Thirdly, DPO (Direct Preference Optimization): It enables the model to better align with human preferences. The team constructed a preference dataset covering multiple fields such as general knowledge, mathematics, and instruction - following, containing a total of 1.5 million pairs of preference samples. In addition, the Evidence Lower Bound (ELBO) of the reconstruction loss is used as a substitute for the log - likelihood to construct a DPO framework suitable for diffusion models.

Through the collaboration of these three post - training technologies, LLaDA2.0 forms a comprehensive optimization system among ability shaping, inference efficiency improvement, and human preference alignment, enabling it to move from a general diffusion - based generation model to a high - performance and practical large model.

Training and Inference Infrastructure

To further address issues such as training stability, large - scale scalability, and inference efficiency, LLaDA2.0 conducted targeted engineering optimizations and mechanism designs during the pre - training, post - training, and inference stages respectively.

During the pre - training stage, the team used Megatron - LM as the training backend and combined multi - parallel strategies including data parallelism (DP), pipeline parallelism (PP), tensor parallelism (TP), context parallelism (CP), and expert parallelism (EP), enabling models with hundreds of billions of parameters to maintain high throughput and strong scalability under long sequences and complex attention structures.
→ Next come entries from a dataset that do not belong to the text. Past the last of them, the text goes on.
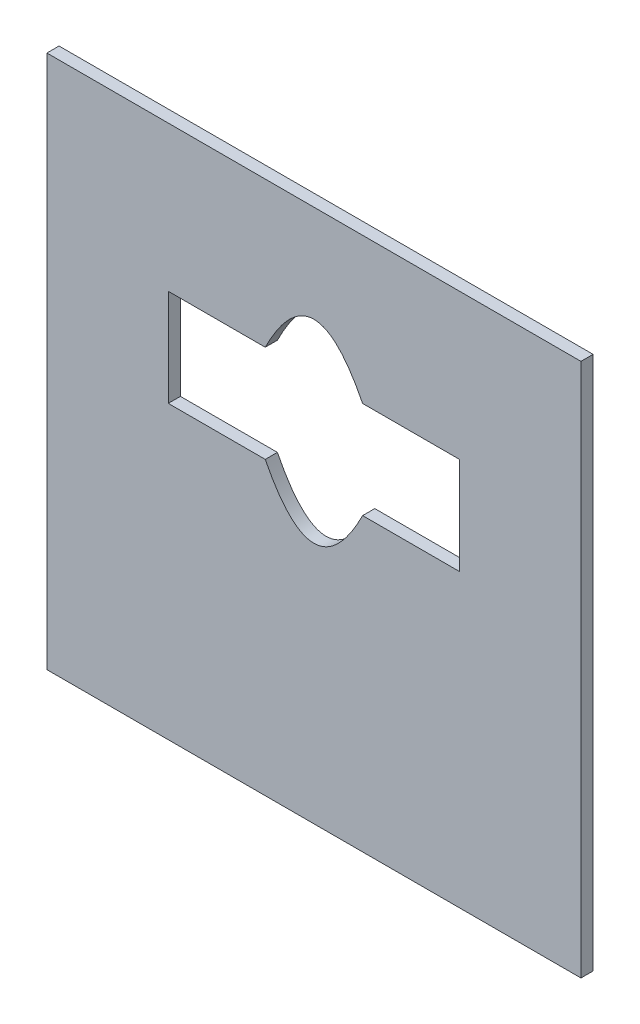
ISO-10303-21;
HEADER;
FILE_DESCRIPTION(('STEP AP214'),'2;1');
FILE_NAME('part.step','',(''),(''),'','','');
FILE_SCHEMA(('AUTOMOTIVE_DESIGN { 1 0 10303 214 1 1 1 1 }'));
ENDSEC;
DATA;
#1=APPLICATION_CONTEXT('core data for automotive mechanical design processes');
#2=APPLICATION_PROTOCOL_DEFINITION('international standard','automotive_design',2000,#1);
#3=PRODUCT_CONTEXT('',#1,'mechanical');
#4=PRODUCT('Part','Part','',(#3));
#5=PRODUCT_RELATED_PRODUCT_CATEGORY('part','',(#4));
#6=PRODUCT_DEFINITION_FORMATION('','',#4);
#7=PRODUCT_DEFINITION_CONTEXT('part definition',#1,'design');
#8=PRODUCT_DEFINITION('design','',#6,#7);
#9=PRODUCT_DEFINITION_SHAPE('','',#8);
#10=(LENGTH_UNIT() NAMED_UNIT(*) SI_UNIT(.MILLI.,.METRE.));
#11=(NAMED_UNIT(*) PLANE_ANGLE_UNIT() SI_UNIT($,.RADIAN.));
#12=(NAMED_UNIT(*) SI_UNIT($,.STERADIAN.) SOLID_ANGLE_UNIT());
#13=UNCERTAINTY_MEASURE_WITH_UNIT(LENGTH_MEASURE(1.E-05),#10,'distance_accuracy_value','');
#14=(GEOMETRIC_REPRESENTATION_CONTEXT(3) GLOBAL_UNCERTAINTY_ASSIGNED_CONTEXT((#13)) GLOBAL_UNIT_ASSIGNED_CONTEXT((#10,
#11,#12)) REPRESENTATION_CONTEXT('',''));
#15=CARTESIAN_POINT('',(0.,0.,0.));
#16=DIRECTION('',(0.,0.,1.));
#17=DIRECTION('',(1.,0.,0.));
#18=AXIS2_PLACEMENT_3D('',#15,#16,#17);
#19=CARTESIAN_POINT('',(0.,0.,3.175));
#20=DIRECTION('',(0.,0.,-1.));
#21=DIRECTION('',(-1.,0.,0.));
#22=AXIS2_PLACEMENT_3D('',#19,#20,#21);
#23=PLANE('',#22);
#24=DIRECTION('',(0.,-1.,0.));
#25=VECTOR('',#24,1.);
#26=CARTESIAN_POINT('',(0.,0.,3.175));
#27=LINE('',#26,#25);
#28=CARTESIAN_POINT('',(0.,139.7,3.175));
#29=VERTEX_POINT('',#28);
#30=CARTESIAN_POINT('',(0.,0.,3.175));
#31=VERTEX_POINT('',#30);
#32=EDGE_CURVE('E206',#29,#31,#27,.T.);
#33=ORIENTED_EDGE('',*,*,#32,.T.);
#34=DIRECTION('',(1.,0.,0.));
#35=VECTOR('',#34,1.);
#36=CARTESIAN_POINT('',(0.,0.,3.175));
#37=LINE('',#36,#35);
#38=CARTESIAN_POINT('',(139.7,0.,3.175));
#39=VERTEX_POINT('',#38);
#40=EDGE_CURVE('E219',#31,#39,#37,.T.);
#41=ORIENTED_EDGE('',*,*,#40,.T.);
#42=DIRECTION('',(0.,1.,0.));
#43=VECTOR('',#42,1.);
#44=CARTESIAN_POINT('',(139.7,0.,3.175));
#45=LINE('',#44,#43);
#46=CARTESIAN_POINT('',(139.7,139.7,3.175));
#47=VERTEX_POINT('',#46);
#48=EDGE_CURVE('E200',#39,#47,#45,.T.);
#49=ORIENTED_EDGE('',*,*,#48,.T.);
#50=DIRECTION('',(-1.,0.,0.));
#51=VECTOR('',#50,1.);
#52=CARTESIAN_POINT('',(0.,139.7,3.175));
#53=LINE('',#52,#51);
#54=EDGE_CURVE('E213',#47,#29,#53,.T.);
#55=ORIENTED_EDGE('',*,*,#54,.T.);
#56=EDGE_LOOP('',(#33,#41,#49,#55));
#57=FACE_BOUND('',#56,.T.);
#58=DIRECTION('',(0.,-1.,0.));
#59=VECTOR('',#58,1.);
#60=CARTESIAN_POINT('',(31.75,101.6,3.175));
#61=LINE('',#60,#59);
#62=CARTESIAN_POINT('',(31.75,101.6,3.175));
#63=VERTEX_POINT('',#62);
#64=CARTESIAN_POINT('',(31.75,76.2,3.175));
#65=VERTEX_POINT('',#64);
#66=EDGE_CURVE('E122',#63,#65,#61,.T.);
#67=ORIENTED_EDGE('',*,*,#66,.F.);
#68=DIRECTION('',(-1.,0.,0.));
#69=VECTOR('',#68,1.);
#70=CARTESIAN_POINT('',(31.75,101.6,3.175));
#71=LINE('',#70,#69);
#72=CARTESIAN_POINT('',(57.1143014780836,101.6,3.175));
#73=VERTEX_POINT('',#72);
#74=EDGE_CURVE('E235',#73,#63,#71,.T.);
#75=ORIENTED_EDGE('',*,*,#74,.F.);
#76=CARTESIAN_POINT('',(82.5856985219164,101.6,3.175));
#77=CARTESIAN_POINT('',(69.85,127.,3.175));
#78=CARTESIAN_POINT('',(57.1143014780836,101.6,3.175));
#79=B_SPLINE_CURVE_WITH_KNOTS('',2,(#76,#77,#78),.UNSPECIFIED.,.F.,.F.,(3,3),(0.,1.),.UNSPECIFIED.);
#80=CARTESIAN_POINT('',(82.5856985219164,101.6,3.175));
#81=VERTEX_POINT('',#80);
#82=EDGE_CURVE('E266',#81,#73,#79,.T.);
#83=ORIENTED_EDGE('',*,*,#82,.F.);
#84=DIRECTION('',(-1.,0.,0.));
#85=VECTOR('',#84,1.);
#86=CARTESIAN_POINT('',(82.5856985219164,101.6,3.175));
#87=LINE('',#86,#85);
#88=CARTESIAN_POINT('',(107.95,101.6,3.175));
#89=VERTEX_POINT('',#88);
#90=EDGE_CURVE('E271',#89,#81,#87,.T.);
#91=ORIENTED_EDGE('',*,*,#90,.F.);
#92=DIRECTION('',(0.,1.,0.));
#93=VECTOR('',#92,1.);
#94=CARTESIAN_POINT('',(107.95,101.6,3.175));
#95=LINE('',#94,#93);
#96=CARTESIAN_POINT('',(107.95,76.2,3.175));
#97=VERTEX_POINT('',#96);
#98=EDGE_CURVE('E300',#97,#89,#95,.T.);
#99=ORIENTED_EDGE('',*,*,#98,.F.);
#100=DIRECTION('',(1.,0.,0.));
#101=VECTOR('',#100,1.);
#102=CARTESIAN_POINT('',(82.5856985219164,76.2,3.175));
#103=LINE('',#102,#101);
#104=CARTESIAN_POINT('',(82.5856985219164,76.2,3.175));
#105=VERTEX_POINT('',#104);
#106=EDGE_CURVE('E145',#105,#97,#103,.T.);
#107=ORIENTED_EDGE('',*,*,#106,.F.);
#108=CARTESIAN_POINT('',(57.1143014780836,76.2,3.175));
#109=CARTESIAN_POINT('',(69.85,50.9177436289501,3.175));
#110=CARTESIAN_POINT('',(82.5856985219164,76.2,3.175));
#111=B_SPLINE_CURVE_WITH_KNOTS('',2,(#108,#109,#110),.UNSPECIFIED.,.F.,.F.,(3,3),(0.,1.),.UNSPECIFIED.);
#112=CARTESIAN_POINT('',(57.1143014780836,76.2,3.175));
#113=VERTEX_POINT('',#112);
#114=EDGE_CURVE('E143',#113,#105,#111,.T.);
#115=ORIENTED_EDGE('',*,*,#114,.F.);
#116=DIRECTION('',(1.,0.,0.));
#117=VECTOR('',#116,1.);
#118=CARTESIAN_POINT('',(31.75,76.2,3.175));
#119=LINE('',#118,#117);
#120=EDGE_CURVE('E130',#65,#113,#119,.T.);
#121=ORIENTED_EDGE('',*,*,#120,.F.);
#122=EDGE_LOOP('',(#67,#75,#83,#91,#99,#107,#115,#121));
#123=FACE_BOUND('',#122,.T.);
#124=ADVANCED_FACE('F33',(#57,#123),#23,.F.);
#125=CARTESIAN_POINT('',(0.,0.,0.));
#126=DIRECTION('',(0.,0.,-1.));
#127=DIRECTION('',(-1.,0.,0.));
#128=AXIS2_PLACEMENT_3D('',#125,#126,#127);
#129=PLANE('',#128);
#130=DIRECTION('',(0.,-1.,0.));
#131=VECTOR('',#130,1.);
#132=CARTESIAN_POINT('',(0.,0.,0.));
#133=LINE('',#132,#131);
#134=CARTESIAN_POINT('',(0.,139.7,0.));
#135=VERTEX_POINT('',#134);
#136=CARTESIAN_POINT('',(0.,0.,0.));
#137=VERTEX_POINT('',#136);
#138=EDGE_CURVE('E138',#135,#137,#133,.T.);
#139=ORIENTED_EDGE('',*,*,#138,.F.);
#140=DIRECTION('',(-1.,0.,0.));
#141=VECTOR('',#140,1.);
#142=CARTESIAN_POINT('',(0.,139.7,0.));
#143=LINE('',#142,#141);
#144=CARTESIAN_POINT('',(139.7,139.7,0.));
#145=VERTEX_POINT('',#144);
#146=EDGE_CURVE('E204',#145,#135,#143,.T.);
#147=ORIENTED_EDGE('',*,*,#146,.F.);
#148=DIRECTION('',(0.,1.,0.));
#149=VECTOR('',#148,1.);
#150=CARTESIAN_POINT('',(139.7,0.,0.));
#151=LINE('',#150,#149);
#152=CARTESIAN_POINT('',(139.7,0.,0.));
#153=VERTEX_POINT('',#152);
#154=EDGE_CURVE('E196',#153,#145,#151,.T.);
#155=ORIENTED_EDGE('',*,*,#154,.F.);
#156=DIRECTION('',(1.,0.,0.));
#157=VECTOR('',#156,1.);
#158=CARTESIAN_POINT('',(0.,0.,0.));
#159=LINE('',#158,#157);
#160=EDGE_CURVE('E189',#137,#153,#159,.T.);
#161=ORIENTED_EDGE('',*,*,#160,.F.);
#162=EDGE_LOOP('',(#139,#147,#155,#161));
#163=FACE_BOUND('',#162,.T.);
#164=DIRECTION('',(-1.,0.,0.));
#165=VECTOR('',#164,1.);
#166=CARTESIAN_POINT('',(31.75,101.6,0.));
#167=LINE('',#166,#165);
#168=CARTESIAN_POINT('',(57.1143014780836,101.6,0.));
#169=VERTEX_POINT('',#168);
#170=CARTESIAN_POINT('',(31.75,101.6,0.));
#171=VERTEX_POINT('',#170);
#172=EDGE_CURVE('E131',#169,#171,#167,.T.);
#173=ORIENTED_EDGE('',*,*,#172,.T.);
#174=DIRECTION('',(0.,-1.,0.));
#175=VECTOR('',#174,1.);
#176=CARTESIAN_POINT('',(31.75,101.6,0.));
#177=LINE('',#176,#175);
#178=CARTESIAN_POINT('',(31.75,76.2,0.));
#179=VERTEX_POINT('',#178);
#180=EDGE_CURVE('E56',#171,#179,#177,.T.);
#181=ORIENTED_EDGE('',*,*,#180,.T.);
#182=DIRECTION('',(1.,0.,0.));
#183=VECTOR('',#182,1.);
#184=CARTESIAN_POINT('',(31.75,76.2,0.));
#185=LINE('',#184,#183);
#186=CARTESIAN_POINT('',(57.1143014780836,76.2,0.));
#187=VERTEX_POINT('',#186);
#188=EDGE_CURVE('E137',#179,#187,#185,.T.);
#189=ORIENTED_EDGE('',*,*,#188,.T.);
#190=CARTESIAN_POINT('',(57.1143014780836,76.2,0.));
#191=CARTESIAN_POINT('',(69.85,50.9177436289501,0.));
#192=CARTESIAN_POINT('',(82.5856985219164,76.2,0.));
#193=B_SPLINE_CURVE_WITH_KNOTS('',2,(#190,#191,#192),.UNSPECIFIED.,.F.,.F.,(3,3),(0.,1.),.UNSPECIFIED.);
#194=CARTESIAN_POINT('',(82.5856985219164,76.2,0.));
#195=VERTEX_POINT('',#194);
#196=EDGE_CURVE('E255',#187,#195,#193,.T.);
#197=ORIENTED_EDGE('',*,*,#196,.T.);
#198=DIRECTION('',(1.,0.,0.));
#199=VECTOR('',#198,1.);
#200=CARTESIAN_POINT('',(82.5856985219164,76.2,0.));
#201=LINE('',#200,#199);
#202=CARTESIAN_POINT('',(107.95,76.2,0.));
#203=VERTEX_POINT('',#202);
#204=EDGE_CURVE('E252',#195,#203,#201,.T.);
#205=ORIENTED_EDGE('',*,*,#204,.T.);
#206=DIRECTION('',(0.,1.,0.));
#207=VECTOR('',#206,1.);
#208=CARTESIAN_POINT('',(107.95,101.6,0.));
#209=LINE('',#208,#207);
#210=CARTESIAN_POINT('',(107.95,101.6,0.));
#211=VERTEX_POINT('',#210);
#212=EDGE_CURVE('E249',#203,#211,#209,.T.);
#213=ORIENTED_EDGE('',*,*,#212,.T.);
#214=DIRECTION('',(-1.,0.,0.));
#215=VECTOR('',#214,1.);
#216=CARTESIAN_POINT('',(82.5856985219164,101.6,0.));
#217=LINE('',#216,#215);
#218=CARTESIAN_POINT('',(82.5856985219164,101.6,0.));
#219=VERTEX_POINT('',#218);
#220=EDGE_CURVE('E243',#211,#219,#217,.T.);
#221=ORIENTED_EDGE('',*,*,#220,.T.);
#222=CARTESIAN_POINT('',(82.5856985219164,101.6,0.));
#223=CARTESIAN_POINT('',(69.85,127.,0.));
#224=CARTESIAN_POINT('',(57.1143014780836,101.6,0.));
#225=B_SPLINE_CURVE_WITH_KNOTS('',2,(#222,#223,#224),.UNSPECIFIED.,.F.,.F.,(3,3),(0.,1.),.UNSPECIFIED.);
#226=EDGE_CURVE('E238',#219,#169,#225,.T.);
#227=ORIENTED_EDGE('',*,*,#226,.T.);
#228=EDGE_LOOP('',(#173,#181,#189,#197,#205,#213,#221,#227));
#229=FACE_BOUND('',#228,.T.);
#230=ADVANCED_FACE('F170',(#163,#229),#129,.T.);
#231=CARTESIAN_POINT('',(0.,0.,3.175));
#232=DIRECTION('',(1.,0.,0.));
#233=DIRECTION('',(0.,0.,-1.));
#234=AXIS2_PLACEMENT_3D('',#231,#232,#233);
#235=PLANE('',#234);
#236=ORIENTED_EDGE('',*,*,#138,.T.);
#237=DIRECTION('',(0.,0.,-1.));
#238=VECTOR('',#237,1.);
#239=CARTESIAN_POINT('',(0.,0.,3.175));
#240=LINE('',#239,#238);
#241=EDGE_CURVE('E11',#31,#137,#240,.T.);
#242=ORIENTED_EDGE('',*,*,#241,.F.);
#243=ORIENTED_EDGE('',*,*,#32,.F.);
#244=DIRECTION('',(0.,0.,-1.));
#245=VECTOR('',#244,1.);
#246=CARTESIAN_POINT('',(0.,139.7,3.175));
#247=LINE('',#246,#245);
#248=EDGE_CURVE('E210',#29,#135,#247,.T.);
#249=ORIENTED_EDGE('',*,*,#248,.T.);
#250=EDGE_LOOP('',(#236,#242,#243,#249));
#251=FACE_BOUND('',#250,.T.);
#252=ADVANCED_FACE('F35',(#251),#235,.F.);
#253=CARTESIAN_POINT('',(0.,0.,3.175));
#254=DIRECTION('',(0.,1.,0.));
#255=DIRECTION('',(0.,0.,1.));
#256=AXIS2_PLACEMENT_3D('',#253,#254,#255);
#257=PLANE('',#256);
#258=ORIENTED_EDGE('',*,*,#160,.T.);
#259=DIRECTION('',(0.,0.,-1.));
#260=VECTOR('',#259,1.);
#261=CARTESIAN_POINT('',(139.7,0.,3.175));
#262=LINE('',#261,#260);
#263=EDGE_CURVE('E41',#39,#153,#262,.T.);
#264=ORIENTED_EDGE('',*,*,#263,.F.);
#265=ORIENTED_EDGE('',*,*,#40,.F.);
#266=ORIENTED_EDGE('',*,*,#241,.T.);
#267=EDGE_LOOP('',(#258,#264,#265,#266));
#268=FACE_BOUND('',#267,.T.);
#269=ADVANCED_FACE('F180',(#268),#257,.F.);
#270=CARTESIAN_POINT('',(139.7,0.,3.175));
#271=DIRECTION('',(-1.,0.,0.));
#272=DIRECTION('',(0.,0.,1.));
#273=AXIS2_PLACEMENT_3D('',#270,#271,#272);
#274=PLANE('',#273);
#275=ORIENTED_EDGE('',*,*,#154,.T.);
#276=DIRECTION('',(0.,0.,-1.));
#277=VECTOR('',#276,1.);
#278=CARTESIAN_POINT('',(139.7,139.7,3.175));
#279=LINE('',#278,#277);
#280=EDGE_CURVE('E201',#47,#145,#279,.T.);
#281=ORIENTED_EDGE('',*,*,#280,.F.);
#282=ORIENTED_EDGE('',*,*,#48,.F.);
#283=ORIENTED_EDGE('',*,*,#263,.T.);
#284=EDGE_LOOP('',(#275,#281,#282,#283));
#285=FACE_BOUND('',#284,.T.);
#286=ADVANCED_FACE('F177',(#285),#274,.F.);
#287=CARTESIAN_POINT('',(0.,139.7,3.175));
#288=DIRECTION('',(0.,-1.,0.));
#289=DIRECTION('',(0.,0.,-1.));
#290=AXIS2_PLACEMENT_3D('',#287,#288,#289);
#291=PLANE('',#290);
#292=ORIENTED_EDGE('',*,*,#146,.T.);
#293=ORIENTED_EDGE('',*,*,#248,.F.);
#294=ORIENTED_EDGE('',*,*,#54,.F.);
#295=ORIENTED_EDGE('',*,*,#280,.T.);
#296=EDGE_LOOP('',(#292,#293,#294,#295));
#297=FACE_BOUND('',#296,.T.);
#298=ADVANCED_FACE('F167',(#297),#291,.F.);
#299=CARTESIAN_POINT('',(31.75,101.6,3.175));
#300=DIRECTION('',(1.,0.,0.));
#301=DIRECTION('',(0.,0.,-1.));
#302=AXIS2_PLACEMENT_3D('',#299,#300,#301);
#303=PLANE('',#302);
#304=ORIENTED_EDGE('',*,*,#180,.F.);
#305=DIRECTION('',(0.,0.,-1.));
#306=VECTOR('',#305,1.);
#307=CARTESIAN_POINT('',(31.75,101.6,3.175));
#308=LINE('',#307,#306);
#309=EDGE_CURVE('E126',#63,#171,#308,.T.);
#310=ORIENTED_EDGE('',*,*,#309,.F.);
#311=ORIENTED_EDGE('',*,*,#66,.T.);
#312=DIRECTION('',(0.,0.,-1.));
#313=VECTOR('',#312,1.);
#314=CARTESIAN_POINT('',(31.75,76.2,3.175));
#315=LINE('',#314,#313);
#316=EDGE_CURVE('E125',#65,#179,#315,.T.);
#317=ORIENTED_EDGE('',*,*,#316,.T.);
#318=EDGE_LOOP('',(#304,#310,#311,#317));
#319=FACE_BOUND('',#318,.T.);
#320=ADVANCED_FACE('F124',(#319),#303,.T.);
#321=CARTESIAN_POINT('',(31.75,76.2,3.175));
#322=DIRECTION('',(0.,1.,0.));
#323=DIRECTION('',(0.,0.,1.));
#324=AXIS2_PLACEMENT_3D('',#321,#322,#323);
#325=PLANE('',#324);
#326=ORIENTED_EDGE('',*,*,#188,.F.);
#327=ORIENTED_EDGE('',*,*,#316,.F.);
#328=ORIENTED_EDGE('',*,*,#120,.T.);
#329=DIRECTION('',(0.,0.,-1.));
#330=VECTOR('',#329,1.);
#331=CARTESIAN_POINT('',(57.1143014780836,76.2,3.175));
#332=LINE('',#331,#330);
#333=EDGE_CURVE('E139',#113,#187,#332,.T.);
#334=ORIENTED_EDGE('',*,*,#333,.T.);
#335=EDGE_LOOP('',(#326,#327,#328,#334));
#336=FACE_BOUND('',#335,.T.);
#337=ADVANCED_FACE('F134',(#336),#325,.T.);
#338=DIRECTION('',(0.,0.,-1.));
#339=VECTOR('',#338,1.);
#340=SURFACE_OF_LINEAR_EXTRUSION('',#111,#339);
#341=ORIENTED_EDGE('',*,*,#196,.F.);
#342=ORIENTED_EDGE('',*,*,#333,.F.);
#343=ORIENTED_EDGE('',*,*,#114,.T.);
#344=DIRECTION('',(0.,0.,-1.));
#345=VECTOR('',#344,1.);
#346=CARTESIAN_POINT('',(82.5856985219164,76.2,3.175));
#347=LINE('',#346,#345);
#348=EDGE_CURVE('E225',#105,#195,#347,.T.);
#349=ORIENTED_EDGE('',*,*,#348,.T.);
#350=EDGE_LOOP('',(#341,#342,#343,#349));
#351=FACE_BOUND('',#350,.T.);
#352=ADVANCED_FACE('F156',(#351),#340,.T.);
#353=CARTESIAN_POINT('',(82.5856985219164,76.2,3.175));
#354=DIRECTION('',(0.,1.,0.));
#355=DIRECTION('',(0.,0.,1.));
#356=AXIS2_PLACEMENT_3D('',#353,#354,#355);
#357=PLANE('',#356);
#358=ORIENTED_EDGE('',*,*,#204,.F.);
#359=ORIENTED_EDGE('',*,*,#348,.F.);
#360=ORIENTED_EDGE('',*,*,#106,.T.);
#361=DIRECTION('',(0.,0.,-1.));
#362=VECTOR('',#361,1.);
#363=CARTESIAN_POINT('',(107.95,76.2,3.175));
#364=LINE('',#363,#362);
#365=EDGE_CURVE('E227',#97,#203,#364,.T.);
#366=ORIENTED_EDGE('',*,*,#365,.T.);
#367=EDGE_LOOP('',(#358,#359,#360,#366));
#368=FACE_BOUND('',#367,.T.);
#369=ADVANCED_FACE('F160',(#368),#357,.T.);
#370=CARTESIAN_POINT('',(107.95,101.6,3.175));
#371=DIRECTION('',(-1.,0.,0.));
#372=DIRECTION('',(0.,0.,1.));
#373=AXIS2_PLACEMENT_3D('',#370,#371,#372);
#374=PLANE('',#373);
#375=ORIENTED_EDGE('',*,*,#212,.F.);
#376=ORIENTED_EDGE('',*,*,#365,.F.);
#377=ORIENTED_EDGE('',*,*,#98,.T.);
#378=DIRECTION('',(0.,0.,-1.));
#379=VECTOR('',#378,1.);
#380=CARTESIAN_POINT('',(107.95,101.6,3.175));
#381=LINE('',#380,#379);
#382=EDGE_CURVE('E229',#89,#211,#381,.T.);
#383=ORIENTED_EDGE('',*,*,#382,.T.);
#384=EDGE_LOOP('',(#375,#376,#377,#383));
#385=FACE_BOUND('',#384,.T.);
#386=ADVANCED_FACE('F284',(#385),#374,.T.);
#387=CARTESIAN_POINT('',(82.5856985219164,101.6,3.175));
#388=DIRECTION('',(0.,-1.,0.));
#389=DIRECTION('',(0.,0.,-1.));
#390=AXIS2_PLACEMENT_3D('',#387,#388,#389);
#391=PLANE('',#390);
#392=ORIENTED_EDGE('',*,*,#220,.F.);
#393=ORIENTED_EDGE('',*,*,#382,.F.);
#394=ORIENTED_EDGE('',*,*,#90,.T.);
#395=DIRECTION('',(0.,0.,-1.));
#396=VECTOR('',#395,1.);
#397=CARTESIAN_POINT('',(82.5856985219164,101.6,3.175));
#398=LINE('',#397,#396);
#399=EDGE_CURVE('E231',#81,#219,#398,.T.);
#400=ORIENTED_EDGE('',*,*,#399,.T.);
#401=EDGE_LOOP('',(#392,#393,#394,#400));
#402=FACE_BOUND('',#401,.T.);
#403=ADVANCED_FACE('F281',(#402),#391,.T.);
#404=DIRECTION('',(0.,0.,-1.));
#405=VECTOR('',#404,1.);
#406=SURFACE_OF_LINEAR_EXTRUSION('',#79,#405);
#407=ORIENTED_EDGE('',*,*,#226,.F.);
#408=ORIENTED_EDGE('',*,*,#399,.F.);
#409=ORIENTED_EDGE('',*,*,#82,.T.);
#410=DIRECTION('',(0.,0.,-1.));
#411=VECTOR('',#410,1.);
#412=CARTESIAN_POINT('',(57.1143014780836,101.6,3.175));
#413=LINE('',#412,#411);
#414=EDGE_CURVE('E48',#73,#169,#413,.T.);
#415=ORIENTED_EDGE('',*,*,#414,.T.);
#416=EDGE_LOOP('',(#407,#408,#409,#415));
#417=FACE_BOUND('',#416,.T.);
#418=ADVANCED_FACE('F276',(#417),#406,.T.);
#419=CARTESIAN_POINT('',(31.75,101.6,3.175));
#420=DIRECTION('',(0.,-1.,0.));
#421=DIRECTION('',(0.,0.,-1.));
#422=AXIS2_PLACEMENT_3D('',#419,#420,#421);
#423=PLANE('',#422);
#424=ORIENTED_EDGE('',*,*,#172,.F.);
#425=ORIENTED_EDGE('',*,*,#414,.F.);
#426=ORIENTED_EDGE('',*,*,#74,.T.);
#427=ORIENTED_EDGE('',*,*,#309,.T.);
#428=EDGE_LOOP('',(#424,#425,#426,#427));
#429=FACE_BOUND('',#428,.T.);
#430=ADVANCED_FACE('F280',(#429),#423,.T.);
#431=CLOSED_SHELL('',(#124,#230,#252,#269,#286,#298,#320,#337,#352,#369,#386,#403,#418,#430));
#432=MANIFOLD_SOLID_BREP('B2',#431);
#433=ADVANCED_BREP_SHAPE_REPRESENTATION('',(#18,#432),#14);
#434=SHAPE_DEFINITION_REPRESENTATION(#9,#433);
ENDSEC;
END-ISO-10303-21;

In addition, by introducing a cuDNN - based attention implementation, the team significantly accelerated arbitrary block diffusion training. When training LLaDA2.0 - mini, compared with the non - fused attention implementation in TransformerEngine, this approach achieved an end - to - end acceleration of over 1.3 times and saved over 90% of the memory in the attention layer. The team also solved the numerical instability problem in the early stage of diffusion training by adding independent Gaussian noise to the output of the "masked token embedding".